Work task:
Please copy, exactly as they appear below, the lines from the one containing "- [Insert]: ISO 7089 16:6 ↔ ISO 4032 M16:6" through the one containing "- [Insert]: ISO 7089 16:11 ↔ ISO 4032 M16:11".

(Entries taken from a collection)
■ ■ ■ ■ ■ ■ ■
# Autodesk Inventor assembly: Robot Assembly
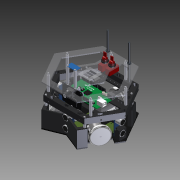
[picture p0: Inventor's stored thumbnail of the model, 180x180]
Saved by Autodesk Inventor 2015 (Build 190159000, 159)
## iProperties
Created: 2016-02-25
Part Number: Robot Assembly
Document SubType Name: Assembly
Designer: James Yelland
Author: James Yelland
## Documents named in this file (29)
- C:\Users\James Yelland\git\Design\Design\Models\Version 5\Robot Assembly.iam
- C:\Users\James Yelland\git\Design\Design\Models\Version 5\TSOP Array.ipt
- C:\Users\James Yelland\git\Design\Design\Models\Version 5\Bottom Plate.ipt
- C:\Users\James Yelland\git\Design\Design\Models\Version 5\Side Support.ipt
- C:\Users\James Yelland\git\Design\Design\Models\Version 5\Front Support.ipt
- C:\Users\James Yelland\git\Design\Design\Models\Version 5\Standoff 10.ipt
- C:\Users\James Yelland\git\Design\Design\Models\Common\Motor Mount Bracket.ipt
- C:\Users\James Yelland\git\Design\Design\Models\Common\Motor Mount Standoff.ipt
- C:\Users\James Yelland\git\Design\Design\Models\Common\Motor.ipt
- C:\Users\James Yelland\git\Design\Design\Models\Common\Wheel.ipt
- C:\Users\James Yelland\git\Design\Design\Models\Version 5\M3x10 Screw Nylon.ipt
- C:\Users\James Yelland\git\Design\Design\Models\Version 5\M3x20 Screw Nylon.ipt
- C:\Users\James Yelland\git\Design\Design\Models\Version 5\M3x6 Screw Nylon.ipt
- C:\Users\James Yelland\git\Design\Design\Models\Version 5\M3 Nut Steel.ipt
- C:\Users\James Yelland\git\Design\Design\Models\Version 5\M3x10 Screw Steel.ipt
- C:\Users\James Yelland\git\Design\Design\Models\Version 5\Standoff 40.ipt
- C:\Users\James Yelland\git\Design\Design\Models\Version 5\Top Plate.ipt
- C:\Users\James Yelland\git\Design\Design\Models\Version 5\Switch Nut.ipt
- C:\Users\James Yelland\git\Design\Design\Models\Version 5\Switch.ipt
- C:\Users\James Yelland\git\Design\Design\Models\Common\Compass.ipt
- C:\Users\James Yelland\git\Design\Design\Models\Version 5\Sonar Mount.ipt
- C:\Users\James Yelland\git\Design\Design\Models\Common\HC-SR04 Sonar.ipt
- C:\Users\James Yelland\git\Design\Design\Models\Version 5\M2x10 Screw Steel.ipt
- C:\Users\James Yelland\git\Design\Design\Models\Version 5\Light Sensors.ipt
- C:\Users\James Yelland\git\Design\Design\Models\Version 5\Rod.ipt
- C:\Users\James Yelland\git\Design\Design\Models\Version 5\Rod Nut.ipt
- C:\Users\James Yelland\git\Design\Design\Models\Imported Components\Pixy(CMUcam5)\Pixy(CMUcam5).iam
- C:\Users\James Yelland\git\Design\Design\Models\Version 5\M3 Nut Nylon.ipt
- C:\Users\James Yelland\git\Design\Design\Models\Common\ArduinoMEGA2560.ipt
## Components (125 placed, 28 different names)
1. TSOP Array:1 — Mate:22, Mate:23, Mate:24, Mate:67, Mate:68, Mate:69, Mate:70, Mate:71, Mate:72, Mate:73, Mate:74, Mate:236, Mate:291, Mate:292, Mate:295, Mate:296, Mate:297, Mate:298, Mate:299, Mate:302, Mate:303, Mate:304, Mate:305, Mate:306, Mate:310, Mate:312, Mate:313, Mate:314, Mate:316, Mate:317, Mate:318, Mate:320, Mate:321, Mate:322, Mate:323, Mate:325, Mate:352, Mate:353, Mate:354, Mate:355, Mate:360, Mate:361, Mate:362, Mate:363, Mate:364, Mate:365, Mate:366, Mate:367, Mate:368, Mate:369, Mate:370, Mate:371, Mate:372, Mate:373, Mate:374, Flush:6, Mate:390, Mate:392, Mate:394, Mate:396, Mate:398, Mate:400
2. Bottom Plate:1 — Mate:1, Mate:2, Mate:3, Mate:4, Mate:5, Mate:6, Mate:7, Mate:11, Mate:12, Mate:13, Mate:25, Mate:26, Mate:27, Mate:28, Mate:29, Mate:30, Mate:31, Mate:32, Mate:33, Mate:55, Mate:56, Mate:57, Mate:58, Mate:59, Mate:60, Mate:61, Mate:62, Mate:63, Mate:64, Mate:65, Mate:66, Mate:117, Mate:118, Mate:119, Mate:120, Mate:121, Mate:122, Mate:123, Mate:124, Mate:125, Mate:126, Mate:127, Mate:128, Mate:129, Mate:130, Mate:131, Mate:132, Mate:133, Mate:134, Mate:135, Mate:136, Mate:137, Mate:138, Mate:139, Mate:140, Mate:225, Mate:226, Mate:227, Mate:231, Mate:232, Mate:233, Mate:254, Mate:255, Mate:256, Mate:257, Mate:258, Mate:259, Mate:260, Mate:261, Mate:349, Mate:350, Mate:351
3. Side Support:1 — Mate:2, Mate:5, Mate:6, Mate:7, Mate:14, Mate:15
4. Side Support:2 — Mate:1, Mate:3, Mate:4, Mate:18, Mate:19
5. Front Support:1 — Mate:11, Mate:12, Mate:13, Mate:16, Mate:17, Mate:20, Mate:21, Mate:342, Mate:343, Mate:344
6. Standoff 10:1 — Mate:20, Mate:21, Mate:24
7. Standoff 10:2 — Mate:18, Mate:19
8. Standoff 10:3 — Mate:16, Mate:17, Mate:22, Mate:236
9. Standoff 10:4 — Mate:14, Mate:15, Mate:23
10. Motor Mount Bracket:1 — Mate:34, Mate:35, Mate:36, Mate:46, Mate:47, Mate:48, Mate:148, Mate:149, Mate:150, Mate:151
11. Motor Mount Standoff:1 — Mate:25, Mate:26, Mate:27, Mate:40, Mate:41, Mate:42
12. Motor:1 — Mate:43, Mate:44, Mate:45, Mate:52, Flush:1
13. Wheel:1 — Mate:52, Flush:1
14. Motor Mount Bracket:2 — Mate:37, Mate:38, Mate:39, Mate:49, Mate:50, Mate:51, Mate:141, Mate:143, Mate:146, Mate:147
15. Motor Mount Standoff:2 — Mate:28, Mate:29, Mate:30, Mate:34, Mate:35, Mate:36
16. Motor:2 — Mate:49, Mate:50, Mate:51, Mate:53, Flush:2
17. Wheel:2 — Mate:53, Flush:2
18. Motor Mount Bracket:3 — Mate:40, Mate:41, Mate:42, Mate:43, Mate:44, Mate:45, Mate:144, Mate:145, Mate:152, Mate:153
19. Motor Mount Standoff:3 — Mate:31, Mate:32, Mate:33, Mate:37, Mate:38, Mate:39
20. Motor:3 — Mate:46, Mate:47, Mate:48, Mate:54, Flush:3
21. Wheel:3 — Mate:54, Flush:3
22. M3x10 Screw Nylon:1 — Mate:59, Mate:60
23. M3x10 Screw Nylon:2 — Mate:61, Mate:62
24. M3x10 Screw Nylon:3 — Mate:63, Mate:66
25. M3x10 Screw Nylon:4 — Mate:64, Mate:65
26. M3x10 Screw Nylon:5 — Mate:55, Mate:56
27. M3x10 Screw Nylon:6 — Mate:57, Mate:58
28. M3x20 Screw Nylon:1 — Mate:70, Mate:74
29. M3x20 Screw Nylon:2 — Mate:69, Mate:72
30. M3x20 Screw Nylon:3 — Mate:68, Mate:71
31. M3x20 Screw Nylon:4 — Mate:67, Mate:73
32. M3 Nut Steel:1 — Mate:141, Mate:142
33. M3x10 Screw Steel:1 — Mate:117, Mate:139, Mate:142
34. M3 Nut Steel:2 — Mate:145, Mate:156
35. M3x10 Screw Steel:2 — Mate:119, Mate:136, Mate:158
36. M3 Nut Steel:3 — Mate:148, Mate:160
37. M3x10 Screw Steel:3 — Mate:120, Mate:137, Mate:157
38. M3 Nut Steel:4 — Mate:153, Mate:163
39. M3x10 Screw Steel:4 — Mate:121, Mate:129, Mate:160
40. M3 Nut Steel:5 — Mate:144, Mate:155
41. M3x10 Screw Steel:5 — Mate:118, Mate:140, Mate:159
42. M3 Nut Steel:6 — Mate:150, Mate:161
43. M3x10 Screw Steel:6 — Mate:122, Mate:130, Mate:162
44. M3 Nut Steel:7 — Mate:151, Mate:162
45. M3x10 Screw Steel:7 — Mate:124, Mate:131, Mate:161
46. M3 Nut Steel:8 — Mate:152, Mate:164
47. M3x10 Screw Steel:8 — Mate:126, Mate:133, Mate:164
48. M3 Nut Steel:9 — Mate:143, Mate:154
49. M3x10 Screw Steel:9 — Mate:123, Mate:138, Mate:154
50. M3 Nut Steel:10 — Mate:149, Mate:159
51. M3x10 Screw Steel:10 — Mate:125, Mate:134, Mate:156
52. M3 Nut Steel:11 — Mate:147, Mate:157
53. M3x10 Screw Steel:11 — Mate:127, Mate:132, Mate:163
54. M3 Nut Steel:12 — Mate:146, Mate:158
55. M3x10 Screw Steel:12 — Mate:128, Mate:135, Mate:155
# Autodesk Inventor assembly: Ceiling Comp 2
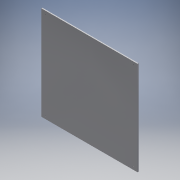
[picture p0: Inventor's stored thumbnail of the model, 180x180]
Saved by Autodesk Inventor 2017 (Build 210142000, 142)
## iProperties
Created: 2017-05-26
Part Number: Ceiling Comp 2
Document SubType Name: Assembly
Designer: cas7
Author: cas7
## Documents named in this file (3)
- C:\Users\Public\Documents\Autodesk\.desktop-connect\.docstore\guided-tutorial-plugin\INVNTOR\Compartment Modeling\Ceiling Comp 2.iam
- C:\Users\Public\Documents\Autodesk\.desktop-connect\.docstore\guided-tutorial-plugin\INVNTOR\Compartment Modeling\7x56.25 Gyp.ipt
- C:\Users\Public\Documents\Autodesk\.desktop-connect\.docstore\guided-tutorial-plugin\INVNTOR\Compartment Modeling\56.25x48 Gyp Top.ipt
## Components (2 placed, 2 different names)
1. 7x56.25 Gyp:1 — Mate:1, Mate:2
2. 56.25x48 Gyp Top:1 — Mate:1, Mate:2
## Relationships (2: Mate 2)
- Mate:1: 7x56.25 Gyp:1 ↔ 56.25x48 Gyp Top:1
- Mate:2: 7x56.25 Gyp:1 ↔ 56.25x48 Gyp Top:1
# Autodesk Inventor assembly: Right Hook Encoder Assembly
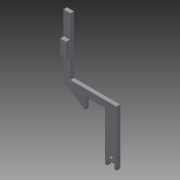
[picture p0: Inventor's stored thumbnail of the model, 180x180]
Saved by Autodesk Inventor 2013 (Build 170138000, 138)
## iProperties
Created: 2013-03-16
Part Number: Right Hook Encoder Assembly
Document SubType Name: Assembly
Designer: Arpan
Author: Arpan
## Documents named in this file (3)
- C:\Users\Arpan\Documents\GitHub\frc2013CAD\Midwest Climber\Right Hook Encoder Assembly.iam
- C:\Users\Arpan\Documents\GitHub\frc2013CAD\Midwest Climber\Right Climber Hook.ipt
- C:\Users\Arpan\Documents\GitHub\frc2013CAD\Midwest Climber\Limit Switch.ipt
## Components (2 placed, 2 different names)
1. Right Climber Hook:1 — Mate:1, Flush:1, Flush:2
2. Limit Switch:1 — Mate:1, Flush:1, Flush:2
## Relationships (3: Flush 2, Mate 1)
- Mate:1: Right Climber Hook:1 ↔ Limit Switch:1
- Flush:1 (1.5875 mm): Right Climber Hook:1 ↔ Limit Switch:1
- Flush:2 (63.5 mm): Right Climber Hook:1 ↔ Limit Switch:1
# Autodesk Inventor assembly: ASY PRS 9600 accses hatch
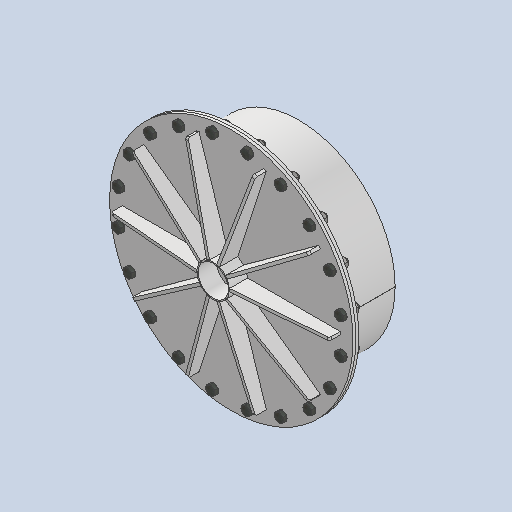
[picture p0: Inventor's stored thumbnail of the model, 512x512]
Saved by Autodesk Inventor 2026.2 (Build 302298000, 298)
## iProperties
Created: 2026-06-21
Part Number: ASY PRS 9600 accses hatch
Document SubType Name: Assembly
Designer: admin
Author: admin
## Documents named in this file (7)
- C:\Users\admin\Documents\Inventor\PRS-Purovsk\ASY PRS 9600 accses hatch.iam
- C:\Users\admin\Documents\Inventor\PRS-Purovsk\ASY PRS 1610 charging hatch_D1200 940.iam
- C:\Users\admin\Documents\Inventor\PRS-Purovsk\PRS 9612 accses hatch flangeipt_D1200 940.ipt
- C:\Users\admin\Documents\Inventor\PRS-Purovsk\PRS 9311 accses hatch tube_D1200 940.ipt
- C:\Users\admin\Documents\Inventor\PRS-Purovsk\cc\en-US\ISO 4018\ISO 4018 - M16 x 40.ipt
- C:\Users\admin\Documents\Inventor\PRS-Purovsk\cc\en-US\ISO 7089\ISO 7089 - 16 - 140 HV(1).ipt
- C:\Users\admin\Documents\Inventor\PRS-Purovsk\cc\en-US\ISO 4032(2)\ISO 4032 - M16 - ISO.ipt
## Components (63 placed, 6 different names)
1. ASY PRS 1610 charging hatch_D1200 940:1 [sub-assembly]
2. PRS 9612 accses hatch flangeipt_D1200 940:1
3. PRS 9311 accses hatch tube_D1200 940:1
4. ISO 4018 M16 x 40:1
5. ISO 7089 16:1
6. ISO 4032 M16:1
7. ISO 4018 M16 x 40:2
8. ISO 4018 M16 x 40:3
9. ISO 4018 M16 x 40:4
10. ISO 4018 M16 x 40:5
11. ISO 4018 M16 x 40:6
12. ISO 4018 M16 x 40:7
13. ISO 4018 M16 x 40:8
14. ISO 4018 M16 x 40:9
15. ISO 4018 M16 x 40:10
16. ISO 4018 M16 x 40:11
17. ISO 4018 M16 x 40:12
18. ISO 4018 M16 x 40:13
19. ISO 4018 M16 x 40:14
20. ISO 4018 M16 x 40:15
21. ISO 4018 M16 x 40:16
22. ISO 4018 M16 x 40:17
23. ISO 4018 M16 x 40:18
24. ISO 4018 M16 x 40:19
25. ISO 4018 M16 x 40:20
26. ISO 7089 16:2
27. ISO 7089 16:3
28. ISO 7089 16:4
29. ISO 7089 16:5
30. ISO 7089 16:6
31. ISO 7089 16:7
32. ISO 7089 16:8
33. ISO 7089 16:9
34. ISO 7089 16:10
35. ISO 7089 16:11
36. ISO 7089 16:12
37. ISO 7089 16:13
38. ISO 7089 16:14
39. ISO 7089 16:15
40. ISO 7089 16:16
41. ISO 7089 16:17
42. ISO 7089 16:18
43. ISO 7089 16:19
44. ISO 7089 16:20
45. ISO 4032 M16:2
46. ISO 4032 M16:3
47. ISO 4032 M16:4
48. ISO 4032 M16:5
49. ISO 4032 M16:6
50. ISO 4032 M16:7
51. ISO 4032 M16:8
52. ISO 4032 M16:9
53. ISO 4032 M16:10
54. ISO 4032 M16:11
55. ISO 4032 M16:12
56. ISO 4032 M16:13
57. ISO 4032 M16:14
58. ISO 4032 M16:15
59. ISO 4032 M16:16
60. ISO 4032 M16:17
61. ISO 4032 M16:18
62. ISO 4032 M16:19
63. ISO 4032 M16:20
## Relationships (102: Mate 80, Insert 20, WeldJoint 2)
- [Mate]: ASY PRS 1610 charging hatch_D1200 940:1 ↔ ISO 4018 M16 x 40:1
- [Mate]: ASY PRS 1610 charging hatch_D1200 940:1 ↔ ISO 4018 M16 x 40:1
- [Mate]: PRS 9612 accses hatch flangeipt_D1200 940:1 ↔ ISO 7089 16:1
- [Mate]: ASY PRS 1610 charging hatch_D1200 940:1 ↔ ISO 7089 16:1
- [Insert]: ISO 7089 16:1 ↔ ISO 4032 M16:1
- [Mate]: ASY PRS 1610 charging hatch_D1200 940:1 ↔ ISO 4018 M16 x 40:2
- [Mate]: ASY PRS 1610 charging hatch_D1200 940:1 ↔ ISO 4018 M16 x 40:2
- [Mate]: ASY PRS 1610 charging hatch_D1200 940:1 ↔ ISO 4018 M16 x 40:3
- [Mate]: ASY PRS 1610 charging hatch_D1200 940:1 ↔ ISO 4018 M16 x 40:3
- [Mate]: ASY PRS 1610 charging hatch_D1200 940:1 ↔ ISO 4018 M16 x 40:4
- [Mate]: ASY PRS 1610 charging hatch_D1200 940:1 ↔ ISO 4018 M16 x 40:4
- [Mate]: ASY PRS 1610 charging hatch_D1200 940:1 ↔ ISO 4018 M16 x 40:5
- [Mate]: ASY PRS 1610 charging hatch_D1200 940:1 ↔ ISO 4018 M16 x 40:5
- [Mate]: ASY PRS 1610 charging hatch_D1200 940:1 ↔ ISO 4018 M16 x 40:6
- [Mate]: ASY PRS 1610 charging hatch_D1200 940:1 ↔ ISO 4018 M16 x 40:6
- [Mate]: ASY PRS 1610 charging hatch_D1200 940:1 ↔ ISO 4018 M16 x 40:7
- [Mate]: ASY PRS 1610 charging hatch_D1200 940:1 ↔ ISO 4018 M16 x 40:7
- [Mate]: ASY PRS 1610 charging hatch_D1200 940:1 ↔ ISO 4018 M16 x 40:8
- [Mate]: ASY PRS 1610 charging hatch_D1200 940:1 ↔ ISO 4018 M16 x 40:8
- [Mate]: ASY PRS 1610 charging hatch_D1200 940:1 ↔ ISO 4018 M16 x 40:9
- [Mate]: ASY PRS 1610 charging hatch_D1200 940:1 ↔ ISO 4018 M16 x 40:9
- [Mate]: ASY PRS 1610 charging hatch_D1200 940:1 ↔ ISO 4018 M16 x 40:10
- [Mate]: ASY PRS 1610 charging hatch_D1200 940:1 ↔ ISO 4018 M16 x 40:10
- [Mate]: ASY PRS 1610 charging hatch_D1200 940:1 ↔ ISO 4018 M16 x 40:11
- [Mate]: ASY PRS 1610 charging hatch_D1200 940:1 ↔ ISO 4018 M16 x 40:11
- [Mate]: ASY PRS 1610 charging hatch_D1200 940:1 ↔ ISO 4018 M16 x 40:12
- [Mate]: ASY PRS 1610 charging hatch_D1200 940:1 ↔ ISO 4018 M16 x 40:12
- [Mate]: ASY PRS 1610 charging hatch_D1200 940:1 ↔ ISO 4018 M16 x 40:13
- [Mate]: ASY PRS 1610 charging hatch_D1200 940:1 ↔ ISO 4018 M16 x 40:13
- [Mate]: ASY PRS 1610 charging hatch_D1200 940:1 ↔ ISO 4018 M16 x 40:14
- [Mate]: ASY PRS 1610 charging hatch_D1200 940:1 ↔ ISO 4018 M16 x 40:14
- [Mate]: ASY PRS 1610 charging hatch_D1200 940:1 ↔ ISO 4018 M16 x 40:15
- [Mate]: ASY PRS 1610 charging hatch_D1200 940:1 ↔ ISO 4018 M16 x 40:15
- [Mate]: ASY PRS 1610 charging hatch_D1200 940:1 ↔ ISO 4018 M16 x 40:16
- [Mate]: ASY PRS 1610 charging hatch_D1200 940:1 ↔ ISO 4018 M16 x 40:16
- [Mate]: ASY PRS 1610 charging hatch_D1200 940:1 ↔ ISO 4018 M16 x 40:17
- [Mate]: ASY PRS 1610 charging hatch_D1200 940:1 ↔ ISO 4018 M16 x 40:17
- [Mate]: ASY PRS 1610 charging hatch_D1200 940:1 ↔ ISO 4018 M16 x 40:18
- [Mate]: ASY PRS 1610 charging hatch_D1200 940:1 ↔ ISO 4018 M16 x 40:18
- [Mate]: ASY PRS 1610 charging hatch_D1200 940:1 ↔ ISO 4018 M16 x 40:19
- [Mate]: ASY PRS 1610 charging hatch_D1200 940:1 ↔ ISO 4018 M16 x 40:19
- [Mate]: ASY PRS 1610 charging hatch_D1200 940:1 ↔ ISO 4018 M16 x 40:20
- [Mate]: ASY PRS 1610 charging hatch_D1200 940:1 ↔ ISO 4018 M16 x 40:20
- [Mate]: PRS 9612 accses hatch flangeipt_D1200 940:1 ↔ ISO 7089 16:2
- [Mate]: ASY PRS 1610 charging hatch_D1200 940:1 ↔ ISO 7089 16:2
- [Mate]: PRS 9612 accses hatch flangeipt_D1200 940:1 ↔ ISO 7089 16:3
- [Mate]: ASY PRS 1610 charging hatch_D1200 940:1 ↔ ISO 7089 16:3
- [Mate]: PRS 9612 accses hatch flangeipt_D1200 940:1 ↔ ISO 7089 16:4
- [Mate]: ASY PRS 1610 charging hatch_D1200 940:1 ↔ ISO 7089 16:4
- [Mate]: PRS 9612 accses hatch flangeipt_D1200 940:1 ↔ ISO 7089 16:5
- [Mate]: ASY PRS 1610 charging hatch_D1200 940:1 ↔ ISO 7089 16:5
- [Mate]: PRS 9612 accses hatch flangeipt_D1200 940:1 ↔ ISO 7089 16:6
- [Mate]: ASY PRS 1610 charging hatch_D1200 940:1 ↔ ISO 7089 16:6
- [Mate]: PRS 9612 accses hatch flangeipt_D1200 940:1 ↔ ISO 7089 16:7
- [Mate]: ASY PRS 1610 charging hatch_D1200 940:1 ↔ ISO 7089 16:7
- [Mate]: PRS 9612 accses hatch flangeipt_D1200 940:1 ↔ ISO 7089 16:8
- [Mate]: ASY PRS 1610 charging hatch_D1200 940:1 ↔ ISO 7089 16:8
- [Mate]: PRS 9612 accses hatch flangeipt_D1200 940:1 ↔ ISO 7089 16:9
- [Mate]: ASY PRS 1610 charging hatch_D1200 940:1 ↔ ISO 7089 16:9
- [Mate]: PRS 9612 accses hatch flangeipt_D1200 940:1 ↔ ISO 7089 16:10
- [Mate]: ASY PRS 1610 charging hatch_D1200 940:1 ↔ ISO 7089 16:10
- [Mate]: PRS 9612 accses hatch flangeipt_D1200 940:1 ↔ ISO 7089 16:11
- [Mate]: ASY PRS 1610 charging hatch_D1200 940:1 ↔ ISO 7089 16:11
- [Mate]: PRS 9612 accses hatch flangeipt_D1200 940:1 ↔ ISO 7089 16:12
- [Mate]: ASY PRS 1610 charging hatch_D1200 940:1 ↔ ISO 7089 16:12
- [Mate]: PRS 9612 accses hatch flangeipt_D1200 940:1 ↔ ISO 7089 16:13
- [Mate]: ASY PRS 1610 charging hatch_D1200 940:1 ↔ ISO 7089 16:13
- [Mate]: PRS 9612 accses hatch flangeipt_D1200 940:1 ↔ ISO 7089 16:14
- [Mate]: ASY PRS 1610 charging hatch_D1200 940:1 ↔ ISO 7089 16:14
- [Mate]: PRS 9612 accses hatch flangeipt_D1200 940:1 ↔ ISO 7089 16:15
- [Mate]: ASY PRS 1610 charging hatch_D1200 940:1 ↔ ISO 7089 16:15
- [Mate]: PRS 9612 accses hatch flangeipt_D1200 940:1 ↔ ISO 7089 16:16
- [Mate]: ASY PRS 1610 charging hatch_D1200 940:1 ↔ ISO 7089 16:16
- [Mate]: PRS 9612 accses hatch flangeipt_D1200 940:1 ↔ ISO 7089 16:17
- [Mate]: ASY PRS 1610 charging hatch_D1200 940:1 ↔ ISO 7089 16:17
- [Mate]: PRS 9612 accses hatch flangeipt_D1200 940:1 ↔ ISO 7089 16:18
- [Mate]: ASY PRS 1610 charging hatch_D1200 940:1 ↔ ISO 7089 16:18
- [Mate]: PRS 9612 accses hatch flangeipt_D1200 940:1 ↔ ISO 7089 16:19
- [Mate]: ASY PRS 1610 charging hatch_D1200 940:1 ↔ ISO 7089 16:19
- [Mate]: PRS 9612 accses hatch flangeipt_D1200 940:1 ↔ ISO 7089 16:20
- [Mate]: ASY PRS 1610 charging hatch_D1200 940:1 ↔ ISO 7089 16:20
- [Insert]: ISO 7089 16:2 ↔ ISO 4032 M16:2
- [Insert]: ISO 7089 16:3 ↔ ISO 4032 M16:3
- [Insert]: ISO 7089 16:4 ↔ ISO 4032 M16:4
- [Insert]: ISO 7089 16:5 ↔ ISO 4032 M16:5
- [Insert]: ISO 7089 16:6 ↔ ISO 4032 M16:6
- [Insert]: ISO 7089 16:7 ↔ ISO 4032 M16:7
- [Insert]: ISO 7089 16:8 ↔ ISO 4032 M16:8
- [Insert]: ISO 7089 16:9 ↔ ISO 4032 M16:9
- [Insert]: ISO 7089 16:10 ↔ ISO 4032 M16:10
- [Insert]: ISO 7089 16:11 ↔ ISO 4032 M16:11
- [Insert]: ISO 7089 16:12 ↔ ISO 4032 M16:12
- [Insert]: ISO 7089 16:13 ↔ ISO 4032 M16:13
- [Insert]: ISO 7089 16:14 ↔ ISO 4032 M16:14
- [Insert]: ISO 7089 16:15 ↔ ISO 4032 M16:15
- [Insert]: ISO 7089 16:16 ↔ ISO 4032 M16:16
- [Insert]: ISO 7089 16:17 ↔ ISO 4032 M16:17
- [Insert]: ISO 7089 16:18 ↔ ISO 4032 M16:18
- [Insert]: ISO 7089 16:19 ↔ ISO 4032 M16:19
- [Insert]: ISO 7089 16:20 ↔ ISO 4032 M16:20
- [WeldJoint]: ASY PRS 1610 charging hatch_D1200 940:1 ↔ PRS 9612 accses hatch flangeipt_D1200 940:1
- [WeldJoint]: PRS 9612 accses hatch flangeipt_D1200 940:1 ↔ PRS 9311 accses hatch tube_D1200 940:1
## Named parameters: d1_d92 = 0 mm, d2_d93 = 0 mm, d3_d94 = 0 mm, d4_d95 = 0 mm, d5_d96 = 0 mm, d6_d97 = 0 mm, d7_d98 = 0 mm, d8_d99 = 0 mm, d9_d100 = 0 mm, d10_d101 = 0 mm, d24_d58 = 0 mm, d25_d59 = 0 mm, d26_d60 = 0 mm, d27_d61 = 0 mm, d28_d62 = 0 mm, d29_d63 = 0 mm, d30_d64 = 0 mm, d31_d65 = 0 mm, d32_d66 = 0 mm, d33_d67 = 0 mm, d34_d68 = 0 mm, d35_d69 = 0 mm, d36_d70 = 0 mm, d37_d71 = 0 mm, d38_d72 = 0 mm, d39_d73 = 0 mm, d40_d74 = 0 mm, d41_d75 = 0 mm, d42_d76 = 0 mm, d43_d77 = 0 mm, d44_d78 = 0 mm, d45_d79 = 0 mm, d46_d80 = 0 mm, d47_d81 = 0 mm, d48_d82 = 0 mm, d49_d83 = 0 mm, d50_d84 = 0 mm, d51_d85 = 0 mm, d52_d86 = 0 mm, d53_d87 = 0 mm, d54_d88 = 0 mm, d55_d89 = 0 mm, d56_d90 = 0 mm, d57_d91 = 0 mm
■ ■ ■ ■ ■ ■ ■
Response area:
- [Insert]: ISO 7089 16:6 ↔ ISO 4032 M16:6
- [Insert]: ISO 7089 16:7 ↔ ISO 4032 M16:7
- [Insert]: ISO 7089 16:8 ↔ ISO 4032 M16:8
- [Insert]: ISO 7089 16:9 ↔ ISO 4032 M16:9
- [Insert]: ISO 7089 16:10 ↔ ISO 4032 M16:10
- [Insert]: ISO 7089 16:11 ↔ ISO 4032 M16:11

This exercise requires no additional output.